(Items from a dataset)
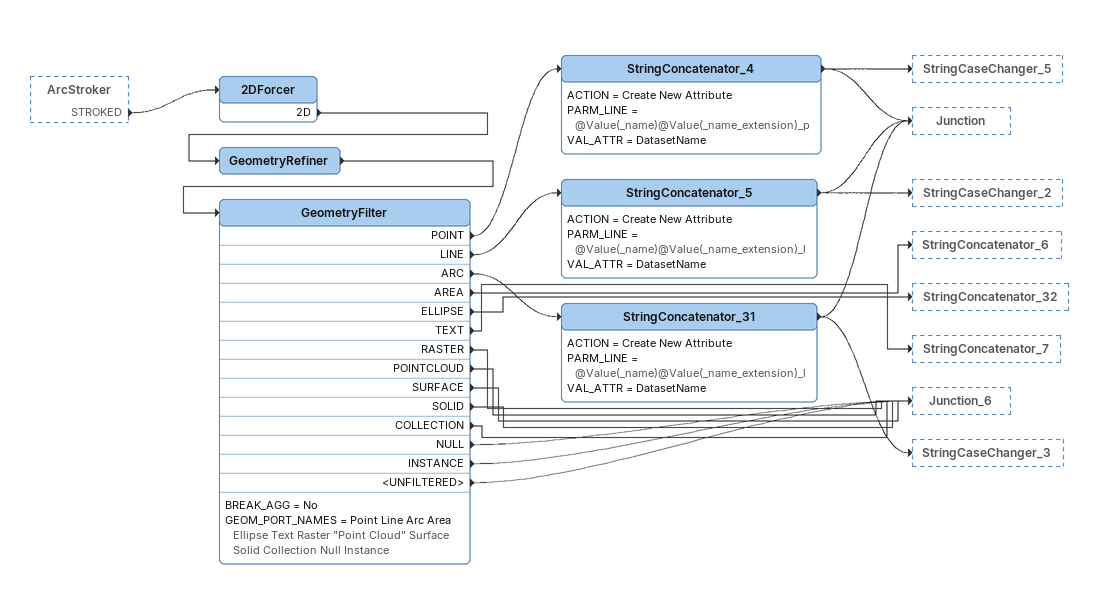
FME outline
ArcStroker [outside]
    STROKED -> 2DForcer
2DForcer
    2D -> GeometryRefiner
GeometryRefiner
    -> GeometryFilter
GeometryFilter
    BREAK_AGG = No
    GEOM_PORT_NAMES = Point Line Arc Area Ellipse Text Raster "Point Cloud" Surface Solid Collection Null Instance
    POINT -> StringConcatenator_4
    LINE -> StringConcatenator_5
    ARC -> StringConcatenator_31
    AREA -> StringConcatenator_6
    ELLIPSE -> StringConcatenator_32
    TEXT -> StringConcatenator_7
    RASTER -> Junction_6
    POINTCLOUD -> Junction_6
    SURFACE -> Junction_6
    SOLID -> Junction_6
    COLLECTION -> Junction_6
    NULL -> Junction_6
    INSTANCE -> Junction_6
    <UNFILTERED> -> Junction_6
StringConcatenator_4
    ACTION = Create New Attribute
    PARM_LINE = @Value(_name)@Value(_name_extension)_p
    VAL_ATTR = DatasetName
    -> StringCaseChanger_5
    -> Junction
StringConcatenator_5
    ACTION = Create New Attribute
    PARM_LINE = @Value(_name)@Value(_name_extension)_l
    VAL_ATTR = DatasetName
    -> StringCaseChanger_2
    -> Junction
StringConcatenator_31
    ACTION = Create New Attribute
    PARM_LINE = @Value(_name)@Value(_name_extension)_l
    VAL_ATTR = DatasetName
    -> StringCaseChanger_3
    -> Junction
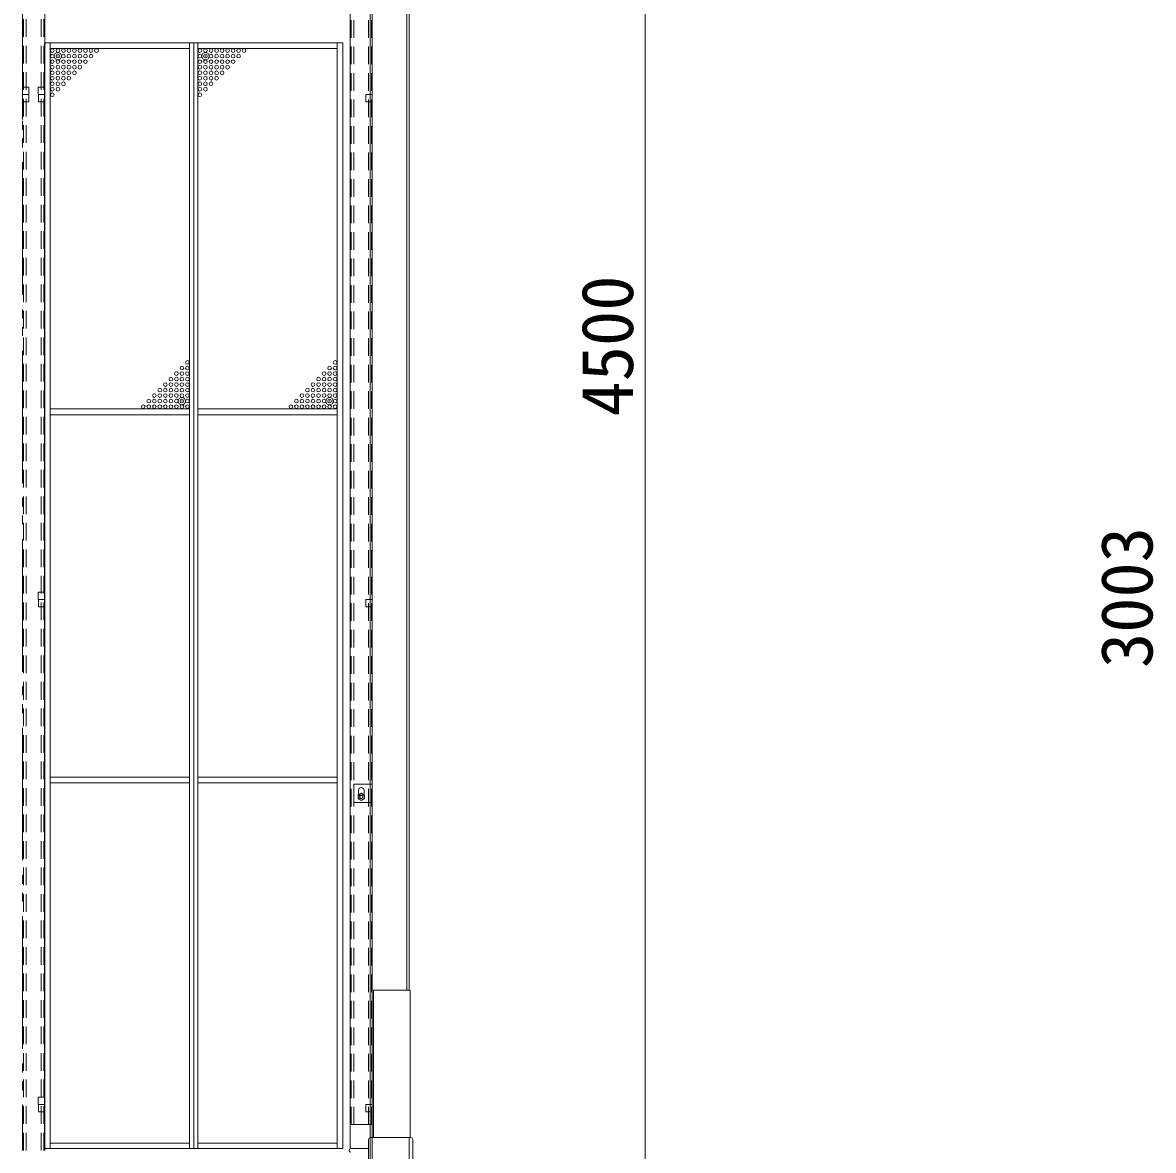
# Model space of a CAD drawing. Units: millimetres, scale not verified. Extents: x -9305 to 9305, y -6415 to 6415.
# Drawn here: x -1598 to 1473, y -3607 to -544 of the extents above; entities that cross this region are included whole.
import ezdxf
from ezdxf.enums import TextEntityAlignment as Align

# ---------------------------------------------------------------- set-up
doc = ezdxf.new("R2010")
doc.units = ezdxf.units.MM
doc.header["$LTSCALE"] = 40
doc.header["$PDMODE"] = 32
doc.header["$PDSIZE"] = 20
doc.linetypes.add('DASHED1', pattern=[1.8, 1.2, -0.6])
doc.linetypes.add('DOUBLE_CHAIN2', pattern=[12.8, 9, -1, 0.6, -0.6, 0.6, -1])
for name, color, linetype, lineweight in [('0-0_0', 7, 'Continuous', 9), ('0-5_CYG-36', 7, 'Continuous', 9), ('0-6_CYG-72', 7, 'Continuous', 9), ('0-B_ﾒッｼュﾊﾟﾈﾙ用ﾌﾞﾛッｸ', 7, 'Continuous', 9)]:
    doc.layers.add(name, color=color, linetype=linetype, lineweight=lineweight)
doc.styles.add('ＭＳ ゴシック', font='')
doc.styles.get('ＭＳ ゴシック').set_extended_font_data('MS Gothic')

msp = doc.modelspace()

# ---------------------------------------------------------------- linework, layer by layer
at = {"layer": '0-0_0'}
for p, q in [((92.64, -3672.47), (92.64, 827.54)), ((92.64, 823.54), (92.64, -3668.47))]:
    msp.add_line(p, q, dxfattribs=at)
at = {"layer": '0-5_CYG-36', "linetype": 'DOUBLE_CHAIN2'}
msp.add_line((-1598.16, 612.51), (-1598.16, -3607.28), dxfattribs=at)
at = {"layer": '0-5_CYG-36'}
for p, q in [((-1598.16, -807.42), (-1598.16, 612.51)), ((-1538.17, -3607.28), (-1538.17, 612.51)), ((-1538.47, -599.48), (-1538.47, -3602.48)), ((-728.47, -599.48), (-1538.47, -599.48)), ((-1523.47, -3602.48), (-1523.47, -599.48)), ((-1144.47, -3602.48), (-1144.47, -599.48)), ((-1133.47, -3602.48), (-1133.47, -599.48)), ((-1122.47, -3602.48), (-1122.47, -599.48)), ((-743.47, -3602.48), (-743.47, -599.48)), ((-728.47, -599.48), (-728.47, -3602.48)), ((-1144.47, -614.48), (-1523.47, -614.48)), ((-743.47, -614.48), (-1122.47, -614.48)), ((-1598.16, -719.48), (-1581.16, -719.48)), ((-1581.16, -719.48), (-1581.16, -759.47)), ((-1555.47, -719.48), (-1555.47, -739.48)), ((-1538.47, -719.48), (-1555.47, -719.48)), ((-1581.16, -739.48), (-1598.16, -739.48)), ((-1581.16, -759.47), (-1597.86, -759.47)), ((-1555.47, -739.48), (-1538.47, -739.48)), ((-1555.46, -739.48), (-1538.17, -739.48)), ((-1555.46, -759.48), (-1555.46, -739.48)), ((-1538.17, -759.48), (-1555.46, -759.48)), ((-1144.47, -1593.48), (-1523.47, -1593.48)), ((-743.47, -1593.48), (-1122.47, -1593.48)), ((-1144.47, -1609.48), (-1523.47, -1609.48)), ((-743.47, -1609.48), (-1122.47, -1609.48)), ((-1555.47, -2090.98), (-1555.47, -2110.98)), ((-1538.47, -2090.98), (-1555.47, -2090.98)), ((-1555.47, -2110.98), (-1538.47, -2110.98)), ((-1555.46, -2110.98), (-1538.17, -2110.98)), ((-1555.46, -2130.98), (-1555.46, -2110.98)), ((-1538.17, -2130.98), (-1555.46, -2130.98)), ((-1144.47, -2593.48), (-1523.47, -2593.48)), ((-1144.47, -2609.48), (-1523.47, -2609.48)), ((-743.47, -2593.48), (-1122.47, -2593.48)), ((-743.47, -2609.48), (-1122.47, -2609.48)), ((-1555.47, -3462.48), (-1538.47, -3462.48)), ((-1555.47, -3482.48), (-1555.47, -3462.48)), ((-1538.47, -3482.48), (-1555.47, -3482.48)), ((-1555.46, -3482.48), (-1538.17, -3482.48)), ((-1555.46, -3502.48), (-1555.46, -3482.48)), ((-1538.17, -3502.48), (-1555.46, -3502.48)), ((-1598.16, -3607.28), (-1598.16, -3557.28)), ((-1144.47, -3587.48), (-1523.47, -3587.48)), ((-743.47, -3587.48), (-1122.47, -3587.48)), ((-728.47, -3602.48), (-1538.47, -3602.48))]:
    msp.add_line(p, q, dxfattribs=at)
at = {"layer": '0-5_CYG-36', "linetype": 'DASHED1'}
for p, q in [((-1595.86, -3607.28), (-1595.86, 612.51)), ((-1588.16, -3607.28), (-1588.16, 612.51)), ((-1548.17, -3607.28), (-1548.17, 612.51)), ((-1540.47, -3607.28), (-1540.47, 612.51))]:
    msp.add_line(p, q, dxfattribs=at)
at = {"layer": '0-6_CYG-72'}
for p, q in [((-554.38, 827.54), (-554.38, -3172.46)), ((-548.37, 827.54), (-548.37, -3172.46)), ((-654.38, -3672.46), (-654.38, 427.54)), ((-648.37, -3672.46), (-648.37, 427.54)), ((-708.36, 137.53), (-708.36, -3537.28)), ((-648.37, -3537.28), (-648.37, 137.53)), ((-708.07, -599.48), (-708.07, -3602.48)), ((-665.67, -739.48), (-648.37, -739.48)), ((-665.67, -759.48), (-665.67, -739.48)), ((-648.37, -759.48), (-665.67, -759.48)), ((-665.67, -2110.98), (-648.37, -2110.98)), ((-665.67, -2130.98), (-665.67, -2110.98)), ((-648.37, -2130.98), (-665.67, -2130.98)), ((-698.37, -2612.46), (-648.37, -2612.46)), ((-698.37, -2662.46), (-698.37, -2612.46)), ((-686.87, -2642.42), (-678.37, -2637.51)), ((-685.87, -2629.46), (-685.87, -2641.84)), ((-678.37, -2637.51), (-669.87, -2642.42)), ((-670.87, -2629.46), (-670.87, -2641.84)), ((-648.37, -2662.46), (-698.37, -2662.46)), ((-686.87, -2652.24), (-686.87, -2642.42)), ((-678.37, -2657.14), (-686.87, -2652.24)), ((-669.87, -2652.24), (-678.37, -2657.14)), ((-669.87, -2642.42), (-669.87, -2652.24)), ((-645.17, -3572.46), (-645.17, -3172.46)), ((-645.17, -3172.46), (-545.17, -3172.46)), ((-545.17, -3172.46), (-545.17, -3572.46)), ((-665.67, -3482.49), (-648.37, -3482.49)), ((-665.67, -3502.48), (-665.67, -3482.49)), ((-648.37, -3502.48), (-665.67, -3502.48)), ((-708.36, -3537.46), (-648.37, -3537.46)), ((-658.37, -3577.46), (-658.37, -3652.46)), ((-658.37, -3577.47), (-658.37, -3652.46)), ((-648.37, -3572.46), (-653.37, -3572.46)), ((-551.58, -3572.47), (-653.37, -3572.47)), ((-645.17, -3572.46), (-543.37, -3572.46)), ((-548.38, -3572.47), (-543.38, -3572.47)), ((-548.37, -3672.46), (-548.37, -3572.46)), ((-538.38, -3577.47), (-538.38, -3652.46)), ((-538.37, -3577.46), (-538.37, -3652.46)), ((-658.37, -3602.46), (-706.37, -3602.46))]:
    msp.add_line(p, q, dxfattribs=at)
at = {"layer": '0-6_CYG-72', "linetype": 'DASHED1'}
for p, q in [((-706.06, -3537.46), (-706.06, 137.53)), ((-698.37, -3537.46), (-698.37, 137.53)), ((-658.37, -3537.46), (-658.37, 137.53)), ((-654.38, -3537.28), (-654.38, 137.54)), ((-650.67, -3537.46), (-650.67, 137.53))]:
    msp.add_line(p, q, dxfattribs=at)
at = {"layer": '0-6_CYG-72'}
for radius in [8.5, 5, 5, 4.19]:
    msp.add_circle((-678.37, -2647.33), radius, dxfattribs=at)
for centre, radius, start, end in [((-678.37, -2629.46), 7.5, 0, 180), ((-653.37, -3577.46), 5, 90, 180), ((-653.37, -3577.47), 5, 90, 180), ((-543.38, -3577.47), 5, 0, 90), ((-543.37, -3577.46), 5, 0, 90), ((-706.37, -3607.46), 5, 90, 270)]:
    msp.add_arc(centre, radius, start, end, dxfattribs=at)
at = {"layer": '0-B_ﾒッｼュﾊﾟﾈﾙ用ﾌﾞﾛッｸ'}
for centre in [(-1517.47, -620.48), (-1517.47, -635.48), (-1502.47, -620.48), (-1502.47, -635.48), (-1487.47, -620.48), (-1487.47, -635.48), (-1472.47, -620.48), (-1472.47, -635.48), (-1457.47, -620.48), (-1457.47, -635.48), (-1442.47, -620.48), (-1442.47, -635.48), (-1427.47, -620.48), (-1427.47, -635.48), (-1412.47, -620.48), (-1412.47, -635.48), (-1397.47, -620.48), (-1116.47, -620.48), (-1116.47, -635.48), (-1101.47, -620.48), (-1101.47, -635.48), (-1086.47, -620.48), (-1086.47, -635.48), (-1071.47, -620.48), (-1071.47, -635.48), (-1056.47, -620.48), (-1056.47, -635.48), (-1041.47, -620.48), (-1041.47, -635.48), (-1026.47, -620.48), (-1026.47, -635.48), (-1011.47, -620.48), (-1011.47, -635.48), (-996.47, -620.48), (-1517.47, -650.48), (-1517.47, -665.48), (-1517.47, -680.48), (-1502.47, -650.48), (-1502.47, -665.48), (-1502.47, -680.48), (-1487.47, -650.48), (-1487.47, -665.48), (-1487.47, -680.48), (-1472.47, -650.48), (-1472.47, -665.48), (-1472.47, -680.48), (-1457.47, -650.48), (-1457.47, -665.48), (-1457.47, -680.48), (-1442.47, -650.48), (-1442.47, -665.48), (-1427.47, -650.48), (-1116.47, -650.48), (-1116.47, -665.48), (-1116.47, -680.48), (-1101.47, -650.48), (-1101.47, -665.48), (-1101.47, -680.48), (-1086.47, -650.48), (-1086.47, -665.48), (-1086.47, -680.48), (-1071.47, -650.48), (-1071.47, -665.48), (-1071.47, -680.48), (-1056.47, -650.48), (-1056.47, -665.48), (-1056.47, -680.48), (-1041.47, -650.48), (-1041.47, -665.48), (-1026.47, -650.48), (-1517.47, -695.48), (-1517.47, -710.48), (-1502.47, -695.48), (-1502.47, -710.48), (-1487.47, -695.48), (-1487.47, -710.48), (-1472.47, -695.48), (-1116.47, -695.48), (-1116.47, -710.48), (-1101.47, -695.48), (-1101.47, -710.48), (-1086.47, -695.48), (-1086.47, -710.48), (-1071.47, -695.48), (-1517.47, -725.48), (-1517.47, -740.48), (-1502.47, -725.48), (-1116.47, -725.48), (-1116.47, -740.48), (-1101.47, -725.48), (-1150.47, -1467.48), (-749.47, -1467.48), (-1180.47, -1497.48), (-1165.47, -1482.48), (-1165.47, -1497.48), (-1150.47, -1482.48), (-1150.47, -1497.48), (-779.47, -1497.48), (-764.47, -1482.48), (-764.47, -1497.48), (-749.47, -1482.48), (-749.47, -1497.48), (-1210.47, -1527.48), (-1195.47, -1512.48), (-1195.47, -1527.48), (-1180.47, -1512.48), (-1180.47, -1527.48), (-1165.47, -1512.48), (-1165.47, -1527.48), (-1150.47, -1512.48), (-1150.47, -1527.48), (-809.47, -1527.48), (-794.47, -1512.48), (-794.47, -1527.48), (-779.47, -1512.48), (-779.47, -1527.48), (-764.47, -1512.48), (-764.47, -1527.48), (-749.47, -1512.48), (-749.47, -1527.48), (-1240.47, -1557.48), (-1225.47, -1542.48), (-1225.47, -1557.48), (-1210.47, -1542.48), (-1210.47, -1557.48), (-1195.47, -1542.48), (-1195.47, -1557.48), (-1180.47, -1542.48), (-1180.47, -1557.48), (-1165.47, -1542.48), (-1165.47, -1557.48), (-1150.47, -1542.48), (-1150.47, -1557.48), (-839.47, -1557.48), (-824.47, -1542.48), (-824.47, -1557.48), (-809.47, -1542.48), (-809.47, -1557.48), (-794.47, -1542.48), (-794.47, -1557.48), (-779.47, -1542.48), (-779.47, -1557.48), (-764.47, -1542.48), (-764.47, -1557.48), (-749.47, -1542.48), (-749.47, -1557.48), (-1270.47, -1587.48), (-1255.47, -1572.48), (-1255.47, -1587.48), (-1240.47, -1572.48), (-1240.47, -1587.48), (-1225.47, -1572.48), (-1225.47, -1587.48), (-1210.47, -1572.48), (-1210.47, -1587.48), (-1195.47, -1572.48), (-1195.47, -1587.48), (-1180.47, -1572.48), (-1180.47, -1587.48), (-1165.47, -1572.48), (-1165.47, -1587.48), (-1150.47, -1572.48), (-1150.47, -1587.48), (-869.47, -1587.48), (-854.47, -1572.48), (-854.47, -1587.48), (-839.47, -1572.48), (-839.47, -1587.48), (-824.47, -1572.48), (-824.47, -1587.48), (-809.47, -1572.48), (-809.47, -1587.48), (-794.47, -1572.48), (-794.47, -1587.48), (-779.47, -1572.48), (-779.47, -1587.48), (-764.47, -1572.48), (-764.47, -1587.48), (-749.47, -1572.48), (-749.47, -1587.48)]:
    msp.add_circle(centre, 5, dxfattribs=at)
for p in [(-1502.47, -635.48), (-1101.47, -635.48), (-1165.47, -1572.48), (-764.47, -1572.48)]:
    msp.add_point(p, dxfattribs=at)

# ---------------------------------------------------------------- texts
at = {"layer": '0-0_0', "style": 'ＭＳ ゴシック'}
for s, p in [('4500', (102.1, -1614.4)), ('3003', (1513.1, -2297.42))]:
    msp.add_text(s, height=140.8, rotation=90, dxfattribs=at).set_placement(p, align=Align.BOTTOM_LEFT)

doc.saveas('drawing.dxf')

— Your assignment —
Beginning at the line with "# Drawn here: x" and ending at the line with "for name, color, linetype, lineweight", reproduce each line of the data above exactly, and add no other lines.

— Response for this exercise —
# Drawn here: x -1598 to 1473, y -3607 to -544 of the extents above; entities that cross this region are included whole.
import ezdxf
from ezdxf.enums import TextEntityAlignment as Align

# ---------------------------------------------------------------- set-up
doc = ezdxf.new("R2010")
doc.units = ezdxf.units.MM
doc.header["$LTSCALE"] = 40
doc.header["$PDMODE"] = 32
doc.header["$PDSIZE"] = 20
doc.linetypes.add('DASHED1', pattern=[1.8, 1.2, -0.6])
doc.linetypes.add('DOUBLE_CHAIN2', pattern=[12.8, 9, -1, 0.6, -0.6, 0.6, -1])
for name, color, linetype, lineweight in [('0-0_0', 7, 'Continuous', 9), ('0-5_CYG-36', 7, 'Continuous', 9), ('0-6_CYG-72', 7, 'Continuous', 9), ('0-B_ﾒッｼュﾊﾟﾈﾙ用ﾌﾞﾛッｸ', 7, 'Continuous', 9)]:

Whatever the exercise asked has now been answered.